* **PROBLEM DESCRIPTION**:
Your answer should consist only of the line with "Relational Operator10/1 -> s15/1, 11/1" and the lines after it, reproduced exactly through the end of the entries below.

-- INFORMATION GIVEN follows --

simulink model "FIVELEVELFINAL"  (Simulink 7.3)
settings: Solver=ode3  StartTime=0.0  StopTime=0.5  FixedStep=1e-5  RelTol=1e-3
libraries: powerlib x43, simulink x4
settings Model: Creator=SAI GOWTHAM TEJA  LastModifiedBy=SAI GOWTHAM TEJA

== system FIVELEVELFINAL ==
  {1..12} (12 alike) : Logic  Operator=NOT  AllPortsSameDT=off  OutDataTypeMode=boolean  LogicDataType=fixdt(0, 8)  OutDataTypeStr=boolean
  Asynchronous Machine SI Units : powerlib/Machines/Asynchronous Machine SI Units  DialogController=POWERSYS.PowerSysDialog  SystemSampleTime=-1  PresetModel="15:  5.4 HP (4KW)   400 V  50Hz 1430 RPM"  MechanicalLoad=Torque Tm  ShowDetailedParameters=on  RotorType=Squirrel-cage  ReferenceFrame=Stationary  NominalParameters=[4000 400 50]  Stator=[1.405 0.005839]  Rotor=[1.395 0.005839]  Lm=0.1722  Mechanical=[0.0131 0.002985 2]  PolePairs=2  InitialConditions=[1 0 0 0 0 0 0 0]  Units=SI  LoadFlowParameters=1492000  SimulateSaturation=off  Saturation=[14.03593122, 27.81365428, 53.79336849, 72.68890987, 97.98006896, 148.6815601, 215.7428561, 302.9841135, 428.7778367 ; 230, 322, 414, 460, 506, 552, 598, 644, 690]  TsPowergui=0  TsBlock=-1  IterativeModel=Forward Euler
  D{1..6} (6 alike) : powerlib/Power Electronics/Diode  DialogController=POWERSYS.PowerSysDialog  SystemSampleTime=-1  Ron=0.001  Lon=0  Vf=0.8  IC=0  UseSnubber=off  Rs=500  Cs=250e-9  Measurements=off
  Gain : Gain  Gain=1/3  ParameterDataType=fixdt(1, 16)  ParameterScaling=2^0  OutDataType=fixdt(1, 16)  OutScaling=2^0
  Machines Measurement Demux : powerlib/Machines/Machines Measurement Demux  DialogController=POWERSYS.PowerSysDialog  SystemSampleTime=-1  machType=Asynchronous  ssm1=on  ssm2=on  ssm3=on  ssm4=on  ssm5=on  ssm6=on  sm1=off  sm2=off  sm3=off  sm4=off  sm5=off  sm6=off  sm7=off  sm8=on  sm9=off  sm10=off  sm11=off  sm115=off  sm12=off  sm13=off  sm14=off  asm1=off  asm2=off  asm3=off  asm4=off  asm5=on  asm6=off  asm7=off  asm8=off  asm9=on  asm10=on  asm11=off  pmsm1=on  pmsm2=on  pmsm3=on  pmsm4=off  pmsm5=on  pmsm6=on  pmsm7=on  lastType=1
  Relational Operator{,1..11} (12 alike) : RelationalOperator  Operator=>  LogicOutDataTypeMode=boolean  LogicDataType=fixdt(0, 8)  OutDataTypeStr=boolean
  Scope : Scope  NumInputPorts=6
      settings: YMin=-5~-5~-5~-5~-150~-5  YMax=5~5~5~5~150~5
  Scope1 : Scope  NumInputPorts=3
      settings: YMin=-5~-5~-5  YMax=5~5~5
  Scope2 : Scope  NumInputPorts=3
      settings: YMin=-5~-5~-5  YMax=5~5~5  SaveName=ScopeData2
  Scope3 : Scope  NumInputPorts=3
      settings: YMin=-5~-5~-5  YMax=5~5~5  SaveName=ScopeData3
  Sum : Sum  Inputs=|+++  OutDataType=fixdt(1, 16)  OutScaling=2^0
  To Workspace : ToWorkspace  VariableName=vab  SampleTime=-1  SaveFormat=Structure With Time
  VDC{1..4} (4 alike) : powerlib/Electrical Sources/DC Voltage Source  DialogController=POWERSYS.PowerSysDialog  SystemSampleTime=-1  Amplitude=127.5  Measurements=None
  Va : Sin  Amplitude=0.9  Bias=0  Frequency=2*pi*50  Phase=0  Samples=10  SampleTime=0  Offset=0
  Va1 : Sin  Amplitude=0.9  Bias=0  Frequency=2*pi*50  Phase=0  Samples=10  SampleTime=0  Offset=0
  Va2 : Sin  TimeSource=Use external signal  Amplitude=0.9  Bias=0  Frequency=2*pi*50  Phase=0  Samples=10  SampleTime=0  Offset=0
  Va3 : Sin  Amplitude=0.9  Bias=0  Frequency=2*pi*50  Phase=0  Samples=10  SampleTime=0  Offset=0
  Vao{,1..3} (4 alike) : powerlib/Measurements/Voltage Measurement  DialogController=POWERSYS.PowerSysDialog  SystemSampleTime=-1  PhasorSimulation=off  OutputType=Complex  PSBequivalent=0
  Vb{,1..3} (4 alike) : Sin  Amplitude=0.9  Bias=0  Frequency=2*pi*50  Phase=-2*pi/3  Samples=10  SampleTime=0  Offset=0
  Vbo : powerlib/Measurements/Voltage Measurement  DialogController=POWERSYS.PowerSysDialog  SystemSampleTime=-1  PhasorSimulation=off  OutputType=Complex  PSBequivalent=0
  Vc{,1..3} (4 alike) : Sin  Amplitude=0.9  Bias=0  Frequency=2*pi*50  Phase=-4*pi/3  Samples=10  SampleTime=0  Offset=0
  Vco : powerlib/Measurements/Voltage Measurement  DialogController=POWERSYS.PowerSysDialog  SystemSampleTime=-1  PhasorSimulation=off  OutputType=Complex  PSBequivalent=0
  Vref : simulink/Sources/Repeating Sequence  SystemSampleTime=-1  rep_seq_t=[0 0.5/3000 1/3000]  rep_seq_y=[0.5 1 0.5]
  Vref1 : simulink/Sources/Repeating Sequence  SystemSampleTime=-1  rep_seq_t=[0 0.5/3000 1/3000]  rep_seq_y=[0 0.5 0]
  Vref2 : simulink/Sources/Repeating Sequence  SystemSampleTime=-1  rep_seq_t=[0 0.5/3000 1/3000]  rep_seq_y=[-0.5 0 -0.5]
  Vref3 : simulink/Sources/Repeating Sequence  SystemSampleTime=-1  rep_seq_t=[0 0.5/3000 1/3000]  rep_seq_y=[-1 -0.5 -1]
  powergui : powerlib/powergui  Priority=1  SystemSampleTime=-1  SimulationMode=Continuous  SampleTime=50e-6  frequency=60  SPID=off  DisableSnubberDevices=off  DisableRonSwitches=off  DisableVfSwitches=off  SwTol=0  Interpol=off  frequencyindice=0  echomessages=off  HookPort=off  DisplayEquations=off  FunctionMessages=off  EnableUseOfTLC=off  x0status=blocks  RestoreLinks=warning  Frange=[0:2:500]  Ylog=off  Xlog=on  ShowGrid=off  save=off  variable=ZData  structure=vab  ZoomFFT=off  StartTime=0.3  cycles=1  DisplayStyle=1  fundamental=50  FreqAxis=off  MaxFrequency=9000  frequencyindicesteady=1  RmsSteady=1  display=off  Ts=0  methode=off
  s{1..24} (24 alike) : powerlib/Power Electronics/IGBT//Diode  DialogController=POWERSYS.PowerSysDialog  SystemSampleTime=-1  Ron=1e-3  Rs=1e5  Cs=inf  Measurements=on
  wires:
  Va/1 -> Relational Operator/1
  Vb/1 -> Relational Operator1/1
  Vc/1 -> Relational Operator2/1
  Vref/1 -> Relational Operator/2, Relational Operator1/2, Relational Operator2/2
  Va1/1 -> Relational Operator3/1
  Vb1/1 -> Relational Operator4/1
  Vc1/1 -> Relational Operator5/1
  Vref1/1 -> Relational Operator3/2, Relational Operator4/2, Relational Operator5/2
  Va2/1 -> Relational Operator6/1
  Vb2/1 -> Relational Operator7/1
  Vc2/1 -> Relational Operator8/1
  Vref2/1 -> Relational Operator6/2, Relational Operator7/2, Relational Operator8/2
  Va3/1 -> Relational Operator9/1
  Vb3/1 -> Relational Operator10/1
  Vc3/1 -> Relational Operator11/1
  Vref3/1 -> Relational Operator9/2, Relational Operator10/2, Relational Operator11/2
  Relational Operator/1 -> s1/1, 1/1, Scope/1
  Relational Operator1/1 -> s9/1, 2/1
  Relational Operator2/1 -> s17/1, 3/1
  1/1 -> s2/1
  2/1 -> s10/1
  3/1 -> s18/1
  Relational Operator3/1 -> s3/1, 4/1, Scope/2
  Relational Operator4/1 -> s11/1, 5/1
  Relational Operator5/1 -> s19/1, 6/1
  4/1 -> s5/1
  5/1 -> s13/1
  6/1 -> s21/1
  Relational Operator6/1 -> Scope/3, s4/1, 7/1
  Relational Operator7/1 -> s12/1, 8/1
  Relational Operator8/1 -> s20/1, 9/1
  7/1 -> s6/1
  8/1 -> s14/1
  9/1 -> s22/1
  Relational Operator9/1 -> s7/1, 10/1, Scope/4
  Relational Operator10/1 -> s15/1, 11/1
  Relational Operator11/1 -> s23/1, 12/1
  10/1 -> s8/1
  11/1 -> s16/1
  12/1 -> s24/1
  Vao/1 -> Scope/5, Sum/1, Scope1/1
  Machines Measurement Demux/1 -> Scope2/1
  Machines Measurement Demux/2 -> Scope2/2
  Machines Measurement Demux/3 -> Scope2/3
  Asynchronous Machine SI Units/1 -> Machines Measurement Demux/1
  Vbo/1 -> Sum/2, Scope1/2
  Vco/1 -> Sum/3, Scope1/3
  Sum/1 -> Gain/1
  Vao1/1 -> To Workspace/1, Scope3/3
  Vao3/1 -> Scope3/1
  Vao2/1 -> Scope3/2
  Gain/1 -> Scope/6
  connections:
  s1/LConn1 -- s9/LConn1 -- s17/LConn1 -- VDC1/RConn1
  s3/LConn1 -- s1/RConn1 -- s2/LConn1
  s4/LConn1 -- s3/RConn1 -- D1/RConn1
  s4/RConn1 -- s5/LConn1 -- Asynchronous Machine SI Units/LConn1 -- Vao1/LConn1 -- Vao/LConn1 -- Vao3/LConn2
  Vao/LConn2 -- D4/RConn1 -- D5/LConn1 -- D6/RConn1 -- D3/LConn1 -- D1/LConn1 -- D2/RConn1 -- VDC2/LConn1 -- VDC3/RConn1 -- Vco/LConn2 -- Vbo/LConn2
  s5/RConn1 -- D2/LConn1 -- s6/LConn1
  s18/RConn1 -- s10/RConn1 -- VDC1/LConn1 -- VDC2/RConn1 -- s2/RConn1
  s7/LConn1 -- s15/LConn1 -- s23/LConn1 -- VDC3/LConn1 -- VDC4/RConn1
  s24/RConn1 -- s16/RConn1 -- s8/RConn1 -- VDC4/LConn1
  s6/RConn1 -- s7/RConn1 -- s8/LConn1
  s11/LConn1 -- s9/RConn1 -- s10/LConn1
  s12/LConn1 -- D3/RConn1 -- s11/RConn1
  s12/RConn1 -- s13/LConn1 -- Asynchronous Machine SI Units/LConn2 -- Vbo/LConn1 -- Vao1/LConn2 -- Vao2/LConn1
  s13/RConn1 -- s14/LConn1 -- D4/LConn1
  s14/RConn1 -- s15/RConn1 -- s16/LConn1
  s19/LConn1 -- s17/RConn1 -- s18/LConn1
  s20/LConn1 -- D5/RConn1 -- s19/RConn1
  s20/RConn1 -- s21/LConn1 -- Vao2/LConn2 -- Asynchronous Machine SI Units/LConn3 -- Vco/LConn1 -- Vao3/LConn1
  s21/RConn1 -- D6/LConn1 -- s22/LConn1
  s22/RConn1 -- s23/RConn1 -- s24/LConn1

-- INFORMATION GIVEN concluded --

* **RESPONSE TO THIS TASK**:
  Relational Operator10/1 -> s15/1, 11/1
  Relational Operator11/1 -> s23/1, 12/1
  10/1 -> s8/1
  11/1 -> s16/1
  12/1 -> s24/1
  Vao/1 -> Scope/5, Sum/1, Scope1/1
  Machines Measurement Demux/1 -> Scope2/1
  Machines Measurement Demux/2 -> Scope2/2
  Machines Measurement Demux/3 -> Scope2/3
  Asynchronous Machine SI Units/1 -> Machines Measurement Demux/1
  Vbo/1 -> Sum/2, Scope1/2
  Vco/1 -> Sum/3, Scope1/3
  Sum/1 -> Gain/1
  Vao1/1 -> To Workspace/1, Scope3/3
  Vao3/1 -> Scope3/1
  Vao2/1 -> Scope3/2
  Gain/1 -> Scope/6
  connections:
  s1/LConn1 -- s9/LConn1 -- s17/LConn1 -- VDC1/RConn1
  s3/LConn1 -- s1/RConn1 -- s2/LConn1
  s4/LConn1 -- s3/RConn1 -- D1/RConn1
  s4/RConn1 -- s5/LConn1 -- Asynchronous Machine SI Units/LConn1 -- Vao1/LConn1 -- Vao/LConn1 -- Vao3/LConn2
  Vao/LConn2 -- D4/RConn1 -- D5/LConn1 -- D6/RConn1 -- D3/LConn1 -- D1/LConn1 -- D2/RConn1 -- VDC2/LConn1 -- VDC3/RConn1 -- Vco/LConn2 -- Vbo/LConn2
  s5/RConn1 -- D2/LConn1 -- s6/LConn1
  s18/RConn1 -- s10/RConn1 -- VDC1/LConn1 -- VDC2/RConn1 -- s2/RConn1
  s7/LConn1 -- s15/LConn1 -- s23/LConn1 -- VDC3/LConn1 -- VDC4/RConn1
  s24/RConn1 -- s16/RConn1 -- s8/RConn1 -- VDC4/LConn1
  s6/RConn1 -- s7/RConn1 -- s8/LConn1
  s11/LConn1 -- s9/RConn1 -- s10/LConn1
  s12/LConn1 -- D3/RConn1 -- s11/RConn1
  s12/RConn1 -- s13/LConn1 -- Asynchronous Machine SI Units/LConn2 -- Vbo/LConn1 -- Vao1/LConn2 -- Vao2/LConn1
  s13/RConn1 -- s14/LConn1 -- D4/LConn1
  s14/RConn1 -- s15/RConn1 -- s16/LConn1
  s19/LConn1 -- s17/RConn1 -- s18/LConn1
  s20/LConn1 -- D5/RConn1 -- s19/RConn1
  s20/RConn1 -- s21/LConn1 -- Vao2/LConn2 -- Asynchronous Machine SI Units/LConn3 -- Vco/LConn1 -- Vao3/LConn1
  s21/RConn1 -- D6/LConn1 -- s22/LConn1
  s22/RConn1 -- s23/RConn1 -- s24/LConn1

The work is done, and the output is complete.